#### Task objective
Repeat exactly, and only, the lines of the entries below from the one with "for name, pattern" through the one with "color=color, linetype=linetype, lineweight=lineweight)", both ends included.
[[ Data for processing, beginning ]]
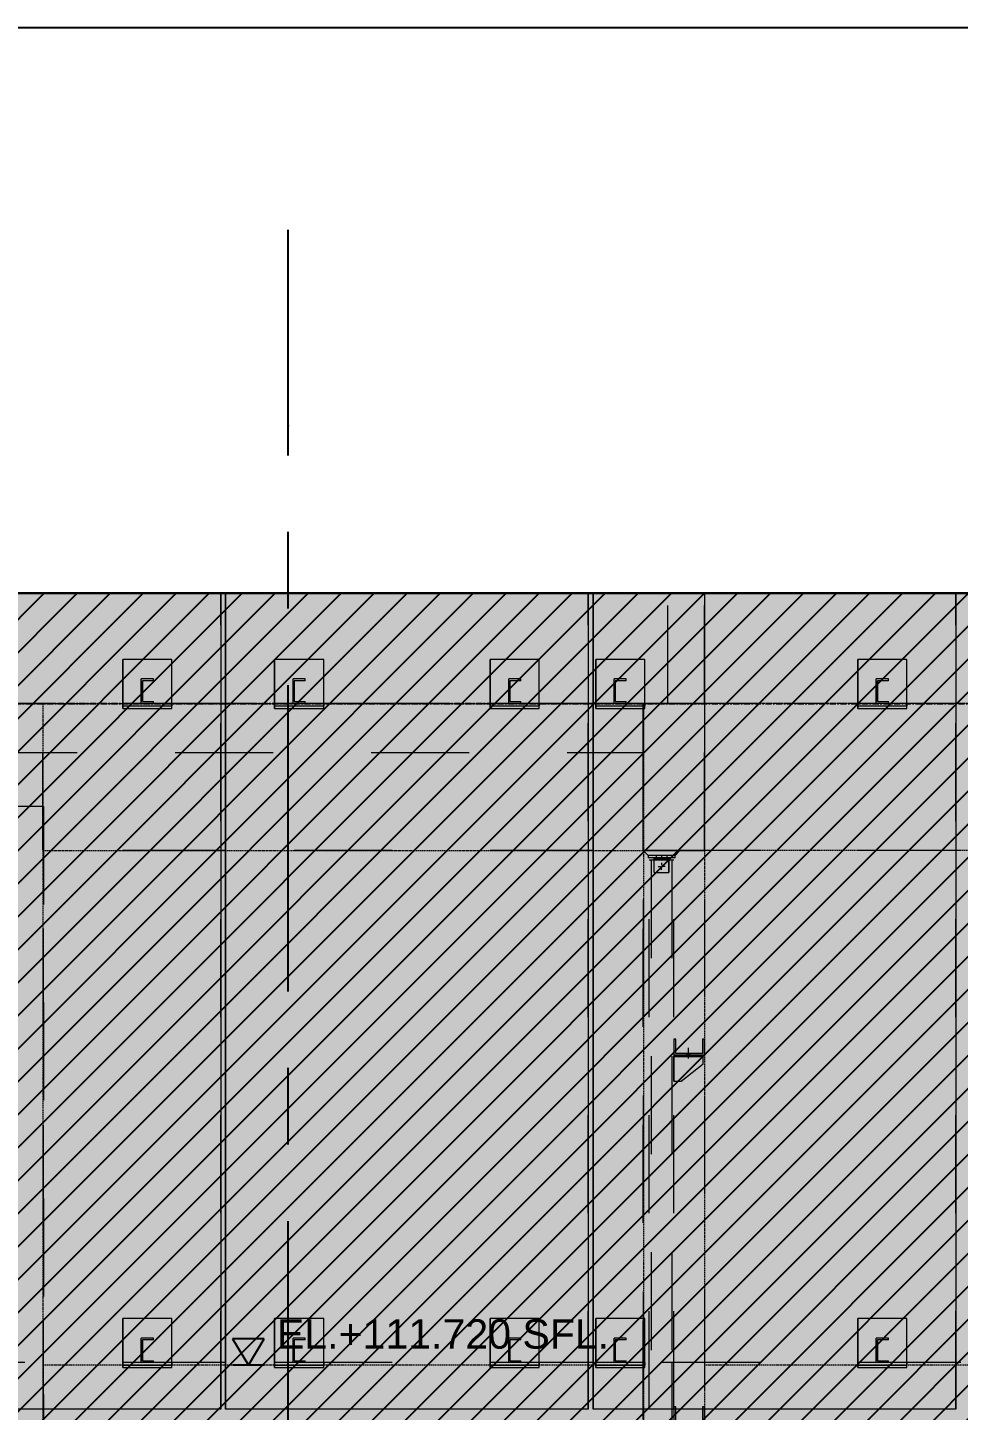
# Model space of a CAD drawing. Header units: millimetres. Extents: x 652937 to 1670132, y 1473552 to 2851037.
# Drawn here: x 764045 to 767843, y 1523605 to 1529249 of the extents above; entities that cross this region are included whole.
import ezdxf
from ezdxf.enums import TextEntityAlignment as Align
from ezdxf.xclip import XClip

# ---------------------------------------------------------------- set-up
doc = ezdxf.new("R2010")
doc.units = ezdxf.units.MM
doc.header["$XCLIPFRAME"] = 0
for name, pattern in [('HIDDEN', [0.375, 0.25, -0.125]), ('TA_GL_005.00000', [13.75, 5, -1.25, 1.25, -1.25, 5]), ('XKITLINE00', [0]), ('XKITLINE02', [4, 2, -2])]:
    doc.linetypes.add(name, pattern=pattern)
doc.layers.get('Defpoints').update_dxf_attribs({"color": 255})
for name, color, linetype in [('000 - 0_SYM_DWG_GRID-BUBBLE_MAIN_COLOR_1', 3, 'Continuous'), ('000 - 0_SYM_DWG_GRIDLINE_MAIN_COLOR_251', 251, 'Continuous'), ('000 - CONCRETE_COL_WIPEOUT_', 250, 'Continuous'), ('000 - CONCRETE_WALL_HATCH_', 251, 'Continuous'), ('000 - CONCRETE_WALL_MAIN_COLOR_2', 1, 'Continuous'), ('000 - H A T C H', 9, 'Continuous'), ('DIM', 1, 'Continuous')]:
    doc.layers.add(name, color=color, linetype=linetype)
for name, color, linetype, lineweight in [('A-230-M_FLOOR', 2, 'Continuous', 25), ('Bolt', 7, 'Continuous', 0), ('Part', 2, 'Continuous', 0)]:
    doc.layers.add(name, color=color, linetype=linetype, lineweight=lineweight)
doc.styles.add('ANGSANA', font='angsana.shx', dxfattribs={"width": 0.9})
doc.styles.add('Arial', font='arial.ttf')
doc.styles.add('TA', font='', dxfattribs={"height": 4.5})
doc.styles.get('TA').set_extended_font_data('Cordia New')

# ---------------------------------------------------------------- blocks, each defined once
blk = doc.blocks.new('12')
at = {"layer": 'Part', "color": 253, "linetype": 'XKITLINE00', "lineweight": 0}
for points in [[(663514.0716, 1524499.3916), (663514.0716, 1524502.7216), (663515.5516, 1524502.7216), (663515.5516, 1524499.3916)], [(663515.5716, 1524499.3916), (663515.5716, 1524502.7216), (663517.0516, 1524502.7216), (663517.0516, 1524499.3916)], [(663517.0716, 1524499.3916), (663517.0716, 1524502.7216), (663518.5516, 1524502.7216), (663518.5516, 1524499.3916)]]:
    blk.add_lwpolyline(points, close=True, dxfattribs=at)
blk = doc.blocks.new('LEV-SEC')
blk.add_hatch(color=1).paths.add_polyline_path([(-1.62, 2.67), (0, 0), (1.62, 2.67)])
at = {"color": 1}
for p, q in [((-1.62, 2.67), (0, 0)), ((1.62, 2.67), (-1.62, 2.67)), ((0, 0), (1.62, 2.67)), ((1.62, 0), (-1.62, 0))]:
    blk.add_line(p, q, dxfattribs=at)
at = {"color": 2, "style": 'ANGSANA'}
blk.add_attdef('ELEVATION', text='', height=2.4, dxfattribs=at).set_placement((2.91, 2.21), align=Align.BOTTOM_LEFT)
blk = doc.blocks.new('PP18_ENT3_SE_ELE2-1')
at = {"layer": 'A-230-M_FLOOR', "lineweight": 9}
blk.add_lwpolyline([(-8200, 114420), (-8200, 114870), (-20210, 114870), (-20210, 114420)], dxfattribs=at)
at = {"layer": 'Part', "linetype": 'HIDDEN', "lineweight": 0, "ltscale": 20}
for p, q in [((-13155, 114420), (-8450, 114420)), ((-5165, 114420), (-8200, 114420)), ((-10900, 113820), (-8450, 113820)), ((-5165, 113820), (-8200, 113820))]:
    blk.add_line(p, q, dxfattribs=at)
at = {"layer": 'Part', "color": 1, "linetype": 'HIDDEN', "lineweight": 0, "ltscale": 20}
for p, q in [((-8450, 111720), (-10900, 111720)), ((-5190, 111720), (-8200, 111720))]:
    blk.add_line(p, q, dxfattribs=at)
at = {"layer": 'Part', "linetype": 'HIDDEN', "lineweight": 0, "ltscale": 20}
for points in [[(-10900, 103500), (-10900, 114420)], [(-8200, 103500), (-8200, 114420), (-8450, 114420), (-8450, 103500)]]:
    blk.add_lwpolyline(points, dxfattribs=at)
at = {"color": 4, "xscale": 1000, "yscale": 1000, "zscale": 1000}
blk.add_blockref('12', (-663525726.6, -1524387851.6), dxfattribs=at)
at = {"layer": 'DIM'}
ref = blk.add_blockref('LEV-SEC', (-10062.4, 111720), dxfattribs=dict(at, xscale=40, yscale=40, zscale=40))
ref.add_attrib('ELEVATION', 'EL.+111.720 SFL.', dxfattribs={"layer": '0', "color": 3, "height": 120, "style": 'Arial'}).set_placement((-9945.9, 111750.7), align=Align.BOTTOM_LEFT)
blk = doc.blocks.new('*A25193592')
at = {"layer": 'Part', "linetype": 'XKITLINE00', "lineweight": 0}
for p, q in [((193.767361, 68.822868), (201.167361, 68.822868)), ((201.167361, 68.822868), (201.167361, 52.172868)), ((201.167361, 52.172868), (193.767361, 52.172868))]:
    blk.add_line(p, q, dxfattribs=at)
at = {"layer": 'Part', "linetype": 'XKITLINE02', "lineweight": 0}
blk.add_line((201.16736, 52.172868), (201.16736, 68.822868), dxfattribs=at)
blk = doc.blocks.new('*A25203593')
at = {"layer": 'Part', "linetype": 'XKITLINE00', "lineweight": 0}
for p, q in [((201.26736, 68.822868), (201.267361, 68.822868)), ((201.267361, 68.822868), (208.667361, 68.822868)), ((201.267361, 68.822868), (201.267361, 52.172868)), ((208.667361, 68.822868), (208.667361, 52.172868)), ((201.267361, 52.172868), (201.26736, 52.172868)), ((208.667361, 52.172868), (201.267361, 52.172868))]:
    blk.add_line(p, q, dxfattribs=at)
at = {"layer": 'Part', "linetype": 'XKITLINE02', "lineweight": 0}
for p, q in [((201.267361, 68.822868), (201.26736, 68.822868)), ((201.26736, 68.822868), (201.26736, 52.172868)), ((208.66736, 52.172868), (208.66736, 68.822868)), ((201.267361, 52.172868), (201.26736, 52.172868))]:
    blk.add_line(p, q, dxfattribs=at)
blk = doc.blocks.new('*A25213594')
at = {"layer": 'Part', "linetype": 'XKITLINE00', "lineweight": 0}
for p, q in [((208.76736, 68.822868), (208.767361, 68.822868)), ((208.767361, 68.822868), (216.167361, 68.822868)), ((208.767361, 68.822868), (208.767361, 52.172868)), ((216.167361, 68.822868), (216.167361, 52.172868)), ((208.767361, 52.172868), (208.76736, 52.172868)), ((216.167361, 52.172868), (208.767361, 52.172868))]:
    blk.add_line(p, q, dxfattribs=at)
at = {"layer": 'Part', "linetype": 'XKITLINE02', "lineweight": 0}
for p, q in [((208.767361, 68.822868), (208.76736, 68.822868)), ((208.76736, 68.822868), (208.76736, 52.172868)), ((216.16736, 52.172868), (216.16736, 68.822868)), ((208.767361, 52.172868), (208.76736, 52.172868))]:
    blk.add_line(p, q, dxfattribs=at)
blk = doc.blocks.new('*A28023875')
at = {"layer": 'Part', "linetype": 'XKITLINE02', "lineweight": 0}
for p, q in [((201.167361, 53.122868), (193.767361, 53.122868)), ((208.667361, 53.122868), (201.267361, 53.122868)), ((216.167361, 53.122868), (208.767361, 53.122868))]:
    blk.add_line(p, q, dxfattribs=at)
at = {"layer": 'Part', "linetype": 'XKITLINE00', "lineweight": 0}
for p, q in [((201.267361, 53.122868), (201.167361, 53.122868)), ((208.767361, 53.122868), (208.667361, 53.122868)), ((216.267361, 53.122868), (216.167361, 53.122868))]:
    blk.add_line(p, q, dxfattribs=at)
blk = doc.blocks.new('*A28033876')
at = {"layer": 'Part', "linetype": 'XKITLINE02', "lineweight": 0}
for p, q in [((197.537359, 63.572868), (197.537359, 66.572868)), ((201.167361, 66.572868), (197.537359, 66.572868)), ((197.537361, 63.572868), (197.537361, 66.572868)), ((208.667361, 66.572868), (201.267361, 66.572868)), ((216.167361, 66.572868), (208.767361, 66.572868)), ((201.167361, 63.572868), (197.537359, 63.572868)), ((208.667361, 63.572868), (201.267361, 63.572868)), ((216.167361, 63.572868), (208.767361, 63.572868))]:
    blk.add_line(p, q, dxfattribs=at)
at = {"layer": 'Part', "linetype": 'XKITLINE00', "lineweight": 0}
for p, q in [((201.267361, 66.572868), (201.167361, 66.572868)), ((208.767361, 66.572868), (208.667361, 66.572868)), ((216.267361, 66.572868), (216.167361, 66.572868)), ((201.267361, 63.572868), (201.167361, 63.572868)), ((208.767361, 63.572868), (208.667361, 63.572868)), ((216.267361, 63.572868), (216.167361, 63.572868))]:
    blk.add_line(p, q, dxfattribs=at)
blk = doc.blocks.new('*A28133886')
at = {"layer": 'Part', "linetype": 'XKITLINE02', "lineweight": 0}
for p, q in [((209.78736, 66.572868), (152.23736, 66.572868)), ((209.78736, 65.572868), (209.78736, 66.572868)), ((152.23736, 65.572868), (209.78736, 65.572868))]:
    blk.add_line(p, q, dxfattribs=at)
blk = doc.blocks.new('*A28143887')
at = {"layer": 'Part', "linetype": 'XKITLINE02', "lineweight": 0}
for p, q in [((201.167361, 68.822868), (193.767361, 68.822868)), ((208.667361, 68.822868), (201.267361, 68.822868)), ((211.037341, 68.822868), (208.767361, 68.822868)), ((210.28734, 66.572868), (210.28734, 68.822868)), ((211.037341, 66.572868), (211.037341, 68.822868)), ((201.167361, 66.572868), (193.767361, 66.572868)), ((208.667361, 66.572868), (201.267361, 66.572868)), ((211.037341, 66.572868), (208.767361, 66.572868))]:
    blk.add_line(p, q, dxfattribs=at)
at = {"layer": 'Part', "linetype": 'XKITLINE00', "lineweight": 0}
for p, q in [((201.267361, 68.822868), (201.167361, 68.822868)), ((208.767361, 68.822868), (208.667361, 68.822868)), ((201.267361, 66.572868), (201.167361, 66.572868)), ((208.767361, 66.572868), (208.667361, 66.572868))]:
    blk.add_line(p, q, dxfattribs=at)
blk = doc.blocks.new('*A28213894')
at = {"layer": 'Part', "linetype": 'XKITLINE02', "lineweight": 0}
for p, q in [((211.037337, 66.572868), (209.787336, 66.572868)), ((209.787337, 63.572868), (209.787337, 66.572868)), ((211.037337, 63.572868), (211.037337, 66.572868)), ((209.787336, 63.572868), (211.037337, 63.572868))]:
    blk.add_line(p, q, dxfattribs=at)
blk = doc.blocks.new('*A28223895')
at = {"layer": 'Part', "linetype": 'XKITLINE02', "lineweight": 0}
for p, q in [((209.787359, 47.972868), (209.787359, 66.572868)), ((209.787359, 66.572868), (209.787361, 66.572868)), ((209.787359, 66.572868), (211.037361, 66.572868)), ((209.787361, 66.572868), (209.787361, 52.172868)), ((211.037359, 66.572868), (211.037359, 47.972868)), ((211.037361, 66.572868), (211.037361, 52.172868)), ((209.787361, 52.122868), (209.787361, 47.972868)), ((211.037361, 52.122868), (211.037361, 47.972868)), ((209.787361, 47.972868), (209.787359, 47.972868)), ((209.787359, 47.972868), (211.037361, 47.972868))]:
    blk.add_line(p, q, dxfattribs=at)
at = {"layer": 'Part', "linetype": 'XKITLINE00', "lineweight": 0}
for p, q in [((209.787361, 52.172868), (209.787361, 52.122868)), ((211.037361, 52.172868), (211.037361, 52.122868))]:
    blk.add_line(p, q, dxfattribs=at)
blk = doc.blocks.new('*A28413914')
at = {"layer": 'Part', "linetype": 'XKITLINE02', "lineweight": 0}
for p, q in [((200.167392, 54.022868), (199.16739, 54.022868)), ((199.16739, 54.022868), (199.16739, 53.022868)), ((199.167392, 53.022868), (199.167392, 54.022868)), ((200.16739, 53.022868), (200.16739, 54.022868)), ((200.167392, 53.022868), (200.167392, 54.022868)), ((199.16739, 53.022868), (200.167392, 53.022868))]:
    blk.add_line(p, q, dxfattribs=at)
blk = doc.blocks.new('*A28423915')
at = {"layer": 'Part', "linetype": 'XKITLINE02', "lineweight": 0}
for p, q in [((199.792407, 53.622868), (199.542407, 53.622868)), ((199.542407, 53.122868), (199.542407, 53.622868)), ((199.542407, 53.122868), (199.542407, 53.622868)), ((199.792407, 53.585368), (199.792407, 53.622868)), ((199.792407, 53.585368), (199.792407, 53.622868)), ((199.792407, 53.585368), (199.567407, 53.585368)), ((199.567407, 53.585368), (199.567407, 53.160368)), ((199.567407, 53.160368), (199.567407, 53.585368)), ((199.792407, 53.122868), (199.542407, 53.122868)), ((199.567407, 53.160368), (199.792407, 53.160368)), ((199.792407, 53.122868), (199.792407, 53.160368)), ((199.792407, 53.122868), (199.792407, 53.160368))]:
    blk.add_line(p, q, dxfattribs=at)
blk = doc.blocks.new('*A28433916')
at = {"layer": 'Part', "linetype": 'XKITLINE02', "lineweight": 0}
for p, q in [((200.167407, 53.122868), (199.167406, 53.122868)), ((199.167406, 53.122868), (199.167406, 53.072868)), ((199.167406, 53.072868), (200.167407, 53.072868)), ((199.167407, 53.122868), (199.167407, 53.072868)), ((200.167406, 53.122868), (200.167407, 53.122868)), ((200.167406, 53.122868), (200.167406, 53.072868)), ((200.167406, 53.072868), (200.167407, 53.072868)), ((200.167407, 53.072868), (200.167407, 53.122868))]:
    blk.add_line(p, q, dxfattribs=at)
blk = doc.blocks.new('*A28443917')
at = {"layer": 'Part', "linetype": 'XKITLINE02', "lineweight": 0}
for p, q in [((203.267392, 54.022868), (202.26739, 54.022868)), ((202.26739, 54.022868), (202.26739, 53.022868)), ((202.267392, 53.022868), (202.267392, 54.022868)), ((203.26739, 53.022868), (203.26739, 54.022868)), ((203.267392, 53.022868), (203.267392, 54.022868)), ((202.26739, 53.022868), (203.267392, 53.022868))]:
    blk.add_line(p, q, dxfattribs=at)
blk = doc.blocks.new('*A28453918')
[[ Data for processing, end ]]
#### Result below
for name, pattern in [('HIDDEN', [0.375, 0.25, -0.125]), ('TA_GL_005.00000', [13.75, 5, -1.25, 1.25, -1.25, 5]), ('XKITLINE00', [0]), ('XKITLINE02', [4, 2, -2])]:
    doc.linetypes.add(name, pattern=pattern)
doc.layers.get('Defpoints').update_dxf_attribs({"color": 255})
for name, color, linetype in [('000 - 0_SYM_DWG_GRID-BUBBLE_MAIN_COLOR_1', 3, 'Continuous'), ('000 - 0_SYM_DWG_GRIDLINE_MAIN_COLOR_251', 251, 'Continuous'), ('000 - CONCRETE_COL_WIPEOUT_', 250, 'Continuous'), ('000 - CONCRETE_WALL_HATCH_', 251, 'Continuous'), ('000 - CONCRETE_WALL_MAIN_COLOR_2', 1, 'Continuous'), ('000 - H A T C H', 9, 'Continuous'), ('DIM', 1, 'Continuous')]:
    doc.layers.add(name, color=color, linetype=linetype)
for name, color, linetype, lineweight in [('A-230-M_FLOOR', 2, 'Continuous', 25), ('Bolt', 7, 'Continuous', 0), ('Part', 2, 'Continuous', 0)]:
    doc.layers.add(name, color=color, linetype=linetype, lineweight=lineweight)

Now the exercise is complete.